Brief
Go through the records below and return each line that has "header" in it.

[Records from a dataset]
────────────────

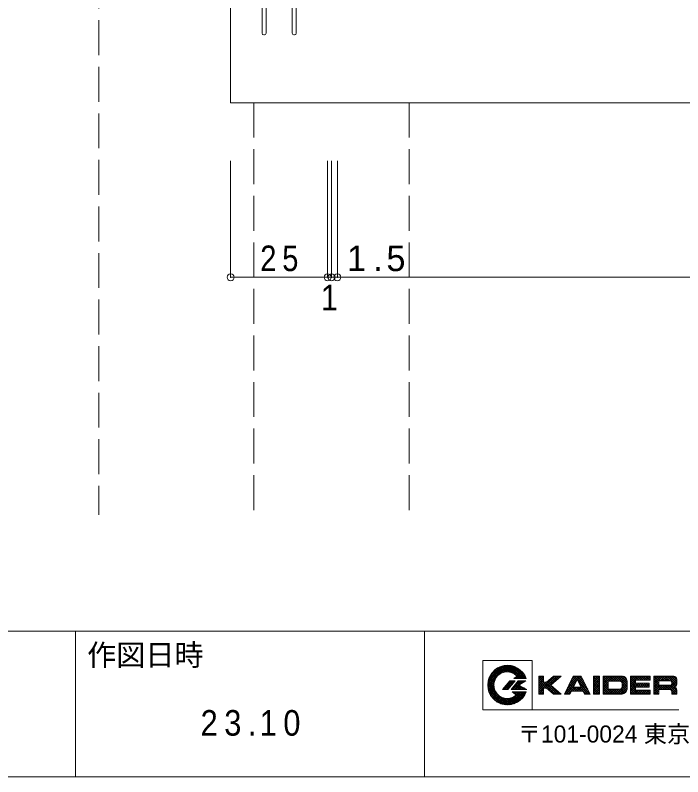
# Model space of a CAD drawing. Units: millimetres at full size, sheet at 1:3; details may follow other scales. Extents: x -423 to 423, y -292 to 292.
# Drawn here: x 17.5 to 189.6, y -292.5 to -96.2 of the extents above; entities that cross this region are included whole.
import ezdxf
from ezdxf.enums import TextEntityAlignment as Align

# ---------------------------------------------------------------- set-up
doc = ezdxf.new("R2010")
doc.units = ezdxf.units.MM
doc.header["$LTSCALE"] = 3
doc.header["$PDMODE"] = 32
doc.header["$PDSIZE"] = 1.8
doc.linetypes.add('DASHED3', pattern=[4, 3, -1])
for name, color, linetype, lineweight in [('3-0_ＫＢ製品', 7, 'Continuous', 9), ('3-3_寸法', 4, 'Continuous', 9), ('3-5_文字', 7, 'Continuous', 9), ('3-8_他製品', 7, 'Continuous', 9), ('F-0_図面枠', 5, 'Continuous', 9), ('F-5_F-5ﾚｲﾔ', 7, 'Continuous', 9)]:
    doc.layers.add(name, color=color, linetype=linetype, lineweight=lineweight)
doc.styles.add('HGｺﾞｼｯｸM', font='')
doc.styles.get('HGｺﾞｼｯｸM').set_extended_font_data('HGｺﾞｼｯｸM')

msp = doc.modelspace()

# ---------------------------------------------------------------- linework, layer by layer
at = {"layer": '3-0_ＫＢ製品', "color": 2}
for p, q in [((73, 156.25), (73, -118.75)), ((73, -118.75), (348, -118.75))]:
    msp.add_line(p, q, dxfattribs=at)
at = {"layer": '3-3_寸法'}
for p, q in [((73, -163.75), (73, -133.75)), ((98, -163.75), (98, -133.75)), ((99, -163.75), (99, -133.75)), ((100.5, -163.75), (100.5, -133.75)), ((73, -163.75), (98, -163.75)), ((98, -163.75), (99, -163.75)), ((99, -163.75), (100.5, -163.75)), ((100.5, -163.75), (320.5, -163.75))]:
    msp.add_line(p, q, dxfattribs=at)
for p in [(73, -163.75), (98, -163.75), (99, -163.75), (100.5, -163.75)]:
    msp.add_point(p, dxfattribs=at)
at = {"layer": '3-5_文字'}
for p, q in [((81.122, -86.65), (81.122, -100.85)), ((82.122, -86.65), (82.122, -100.85)), ((88.878, -86.65), (88.878, -100.85)), ((89.878, -86.65), (89.878, -100.85)), ((81.722, -101.25), (81.522, -101.25)), ((89.278, -101.25), (89.478, -101.25))]:
    msp.add_line(p, q, dxfattribs=at)
for centre, start, end in [((81.522, -100.85), 180, 270), ((81.722, -100.85), 270, 0), ((89.278, -100.85), 180, 270), ((89.478, -100.85), 270, 0)]:
    msp.add_arc(centre, 0.4, start, end, dxfattribs=at)
at = {"layer": '3-8_他製品', "linetype": 'DASHED3'}
for p, q in [((39, 262.5), (39, -225)), ((79, -118.75), (79, -225)), ((119, -118.75), (119, -225))]:
    msp.add_line(p, q, dxfattribs=at)
at = {"layer": 'F-0_図面枠'}
for p, q in [((-423, -255), (423, -255)), ((33, -292.5), (33, -255)), ((123, -292.5), (123, -255)), ((423, -292.5), (-423, -292.5))]:
    msp.add_line(p, q, dxfattribs=at)
at = {"layer": 'F-5_F-5ﾚｲﾔ'}
for p, q in [((139.277, -268.73), (144.23, -263.777)), ((139.317, -268.221), (143.721, -263.817)), ((139.426, -267.643), (143.143, -263.926)), ((139.653, -266.945), (142.446, -264.154)), ((140.238, -265.892), (141.391, -264.738)), ((142.465, -265.991), (141.289, -264.815)), ((142.765, -265.821), (141.563, -264.62)), ((143.091, -265.678), (141.854, -264.441)), ((143.447, -265.565), (142.162, -264.28)), ((143.839, -265.487), (142.488, -264.137)), ((142.519, -265.958), (144.692, -263.785)), ((144.277, -265.456), (142.834, -264.013)), ((144.778, -265.488), (143.202, -263.912)), ((143.357, -265.59), (145.117, -263.829)), ((145.391, -265.632), (143.595, -263.835)), ((143.941, -265.475), (145.512, -263.903)), ((146.39, -266.161), (144.016, -263.787)), ((144.427, -265.458), (145.882, -264.003)), ((147.873, -267.175), (144.474, -263.776)), ((144.855, -265.5), (146.23, -264.124)), ((148.343, -267.175), (144.978, -263.811)), ((145.239, -265.585), (146.558, -264.266)), ((148.812, -267.175), (145.549, -263.912)), ((145.589, -265.704), (146.868, -264.425)), ((145.909, -265.853), (147.16, -264.602)), ((146.204, -266.028), (147.436, -264.796)), ((149.125, -267.019), (146.231, -264.124)), ((146.474, -266.228), (147.697, -265.005)), ((148.612, -266.036), (147.214, -264.638)), ((140.941, -268.222), (139.657, -266.938)), ((141.037, -267.848), (139.803, -266.615)), ((141.165, -267.507), (139.967, -266.31)), ((141.322, -267.195), (140.148, -266.021)), ((141.504, -266.908), (140.345, -265.749)), ((141.71, -266.644), (140.558, -265.492)), ((141.939, -266.404), (140.786, -265.251)), ((142.191, -266.186), (141.03, -265.025)), ((146.632, -266.697), (145.996, -267.175)), ((146.465, -267.175), (148.171, -265.469)), ((146.935, -267.175), (146.532, -266.772)), ((146.703, -266.468), (147.941, -265.229)), ((147.404, -267.175), (146.705, -266.476)), ((146.935, -267.175), (148.385, -265.724)), ((147.404, -267.175), (148.584, -265.995)), ((147.873, -267.175), (148.767, -266.282)), ((148.343, -267.175), (148.932, -266.585)), ((148.812, -267.175), (149.08, -266.907)), ((152.406, -266.58), (152.406, -271.17)), ((152.406, -266.58), (153.681, -266.58)), ((152.406, -267.855), (153.681, -266.58)), ((152.406, -267.292), (153.118, -266.58)), ((152.406, -266.729), (152.554, -266.58)), ((152.406, -270.672), (156.497, -266.58)), ((153.681, -267.707), (152.554, -266.58)), ((153.681, -267.144), (153.118, -266.58)), ((153.681, -266.58), (153.681, -268.11)), ((154.001, -269.64), (157.06, -266.58)), ((154.509, -269.694), (157.624, -266.58)), ((158.19, -266.58), (155.512, -268.875)), ((156.975, -267.622), (156.071, -266.718)), ((156.231, -266.58), (158.19, -266.58)), ((157.278, -267.362), (156.497, -266.58)), ((157.582, -267.101), (157.06, -266.58)), ((157.885, -266.841), (157.624, -266.58)), ((158.168, -266.599), (158.187, -266.58)), ((161.331, -266.58), (159.036, -271.17)), ((159.854, -269.533), (162.808, -266.58)), ((160.418, -268.407), (162.244, -266.58)), ((160.981, -267.28), (161.681, -266.58)), ((162.21, -267.673), (161.26, -266.722)), ((161.331, -266.58), (163.371, -266.58)), ((165.061, -269.96), (161.681, -266.58)), ((164.498, -268.833), (162.244, -266.58)), ((162.351, -267.6), (163.371, -266.58)), ((162.608, -267.906), (163.559, -266.956)), ((163.934, -267.707), (162.808, -266.58)), ((163.371, -266.58), (165.666, -271.17)), ((166.574, -266.58), (166.574, -271.17)), ((166.574, -268.11), (168.105, -266.58)), ((166.574, -267.547), (167.541, -266.58)), ((166.574, -266.984), (166.978, -266.58)), ((168.105, -268.27), (166.574, -266.74)), ((168.105, -267.707), (166.978, -266.58)), ((168.105, -267.144), (167.541, -266.58)), ((169.068, -267.144), (169.632, -266.58)), ((169.068, -267.707), (170.195, -266.58)), ((169.068, -268.27), (170.758, -266.58)), ((169.068, -268.833), (171.321, -266.58)), ((170.344, -267.855), (169.068, -266.58)), ((170.907, -267.855), (169.632, -266.58)), ((171.47, -267.855), (170.195, -266.58)), ((170.61, -267.855), (171.885, -266.58)), ((172.033, -267.855), (170.758, -266.58)), ((171.173, -267.855), (172.448, -266.58)), ((172.597, -267.855), (171.321, -266.58)), ((171.736, -267.855), (173.011, -266.58)), ((173.16, -267.855), (171.885, -266.58)), ((172.3, -267.855), (173.574, -266.58)), ((175.189, -269.321), (172.448, -266.58)), ((172.863, -267.855), (174.121, -266.597)), ((175.189, -268.757), (173.011, -266.58)), ((173.412, -267.869), (174.538, -266.743)), ((175.189, -268.194), (173.574, -266.58)), ((175.164, -267.606), (174.162, -266.604)), ((176.053, -266.58), (176.053, -271.17)), ((176.053, -266.58), (181.153, -266.58)), ((176.053, -268.864), (178.337, -266.58)), ((176.053, -268.301), (177.774, -266.58)), ((176.053, -267.737), (177.211, -266.58)), ((176.053, -267.174), (176.647, -266.58)), ((176.053, -266.611), (176.084, -266.58)), ((177.328, -267.824), (176.084, -266.58)), ((177.667, -267.6), (176.647, -266.58)), ((178.23, -267.6), (177.211, -266.58)), ((178.794, -267.6), (177.774, -266.58)), ((177.88, -267.6), (178.9, -266.58)), ((179.357, -267.6), (178.337, -266.58)), ((178.444, -267.6), (179.463, -266.58)), ((179.92, -267.6), (178.9, -266.58)), ((179.007, -267.6), (180.027, -266.58)), ((180.483, -267.6), (179.463, -266.58)), ((179.57, -267.6), (180.59, -266.58)), ((181.047, -267.6), (180.027, -266.58)), ((180.133, -267.6), (181.153, -266.58)), ((181.153, -267.144), (180.59, -266.58)), ((181.153, -266.58), (181.153, -267.6)), ((182.118, -266.58), (182.118, -271.17)), ((187.218, -266.58), (182.118, -266.58)), ((182.118, -267.144), (182.681, -266.58)), ((182.118, -267.707), (183.244, -266.58)), ((182.118, -268.27), (183.807, -266.58)), ((182.118, -268.833), (184.371, -266.58)), ((183.393, -267.855), (182.118, -266.58)), ((183.828, -267.728), (182.681, -266.58)), ((184.391, -267.728), (183.244, -266.58)), ((183.786, -267.728), (184.934, -266.58)), ((184.955, -267.728), (183.807, -266.58)), ((184.35, -267.728), (185.497, -266.58)), ((185.518, -267.728), (184.371, -266.58)), ((184.912, -267.728), (186.06, -266.58)), ((186.081, -267.728), (184.934, -266.58)), ((185.476, -267.728), (186.624, -266.58)), ((187.894, -268.977), (185.497, -266.58)), ((186.039, -267.728), (187.187, -266.58)), ((187.983, -268.503), (186.06, -266.58)), ((186.538, -267.792), (187.63, -266.7)), ((187.983, -267.939), (186.624, -266.58)), ((187.983, -267.376), (187.187, -266.58)), ((144.347, -273.975), (139.275, -268.903)), ((139.285, -269.192), (141.379, -267.099)), ((141.216, -270.374), (139.293, -268.451)), ((139.329, -269.617), (141.01, -267.936)), ((140.963, -269.652), (139.345, -268.034)), ((139.403, -270.013), (140.895, -268.52)), ((140.883, -269.103), (139.425, -267.645)), ((140.885, -268.636), (139.53, -267.281)), ((143.157, -269.984), (145.375, -267.766)), ((143.626, -269.984), (145.844, -267.766)), ((144.82, -269.558), (144.066, -268.804)), ((144.095, -269.984), (146.314, -267.766)), ((145.033, -269.302), (144.279, -268.548)), ((145.247, -269.046), (144.492, -268.292)), ((145.46, -268.79), (144.706, -268.035)), ((145.674, -268.534), (144.919, -267.78)), ((147.149, -267.766), (145.3, -269.984)), ((145.887, -268.278), (145.375, -267.766)), ((145.509, -269.984), (147.727, -267.766)), ((146.1, -268.022), (145.844, -267.766)), ((145.979, -269.984), (148.197, -267.766)), ((145.996, -267.175), (149.183, -267.175)), ((146.465, -267.175), (146.264, -266.973)), ((147.599, -269.984), (146.345, -268.73)), ((148.068, -269.984), (146.559, -268.475)), ((146.602, -268.422), (147.258, -267.766)), ((147.375, -268.822), (146.772, -268.218)), ((147.669, -268.646), (146.985, -267.962)), ((147.149, -267.766), (149.136, -267.766)), ((147.962, -268.47), (147.258, -267.766)), ((149.136, -267.766), (147.287, -268.875)), ((147.287, -268.875), (149.321, -269.984)), ((148.255, -268.294), (147.727, -267.766)), ((147.962, -268.47), (148.666, -267.766)), ((148.549, -268.118), (148.197, -267.766)), ((148.842, -267.942), (148.666, -267.766)), ((156.581, -271.17), (152.406, -266.995)), ((152.406, -268.419), (153.681, -267.144)), ((154.74, -269.892), (152.406, -267.558)), ((152.406, -268.982), (153.681, -267.707)), ((152.406, -269.545), (153.84, -268.11)), ((152.406, -270.108), (154.404, -268.11)), ((153.924, -269.64), (152.406, -268.121)), ((153.681, -269.96), (152.406, -268.685)), ((157.145, -271.17), (154.084, -268.11)), ((157.707, -271.17), (154.554, -268.017)), ((155.762, -268.662), (154.858, -267.757)), ((156.065, -268.401), (155.161, -267.497)), ((156.369, -268.141), (155.464, -267.237)), ((155.512, -268.875), (158.19, -271.17)), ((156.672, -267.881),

────────────────

Solution for this exercise
doc.header["$LTSCALE"] = 3
doc.header["$PDMODE"] = 32
doc.header["$PDSIZE"] = 1.8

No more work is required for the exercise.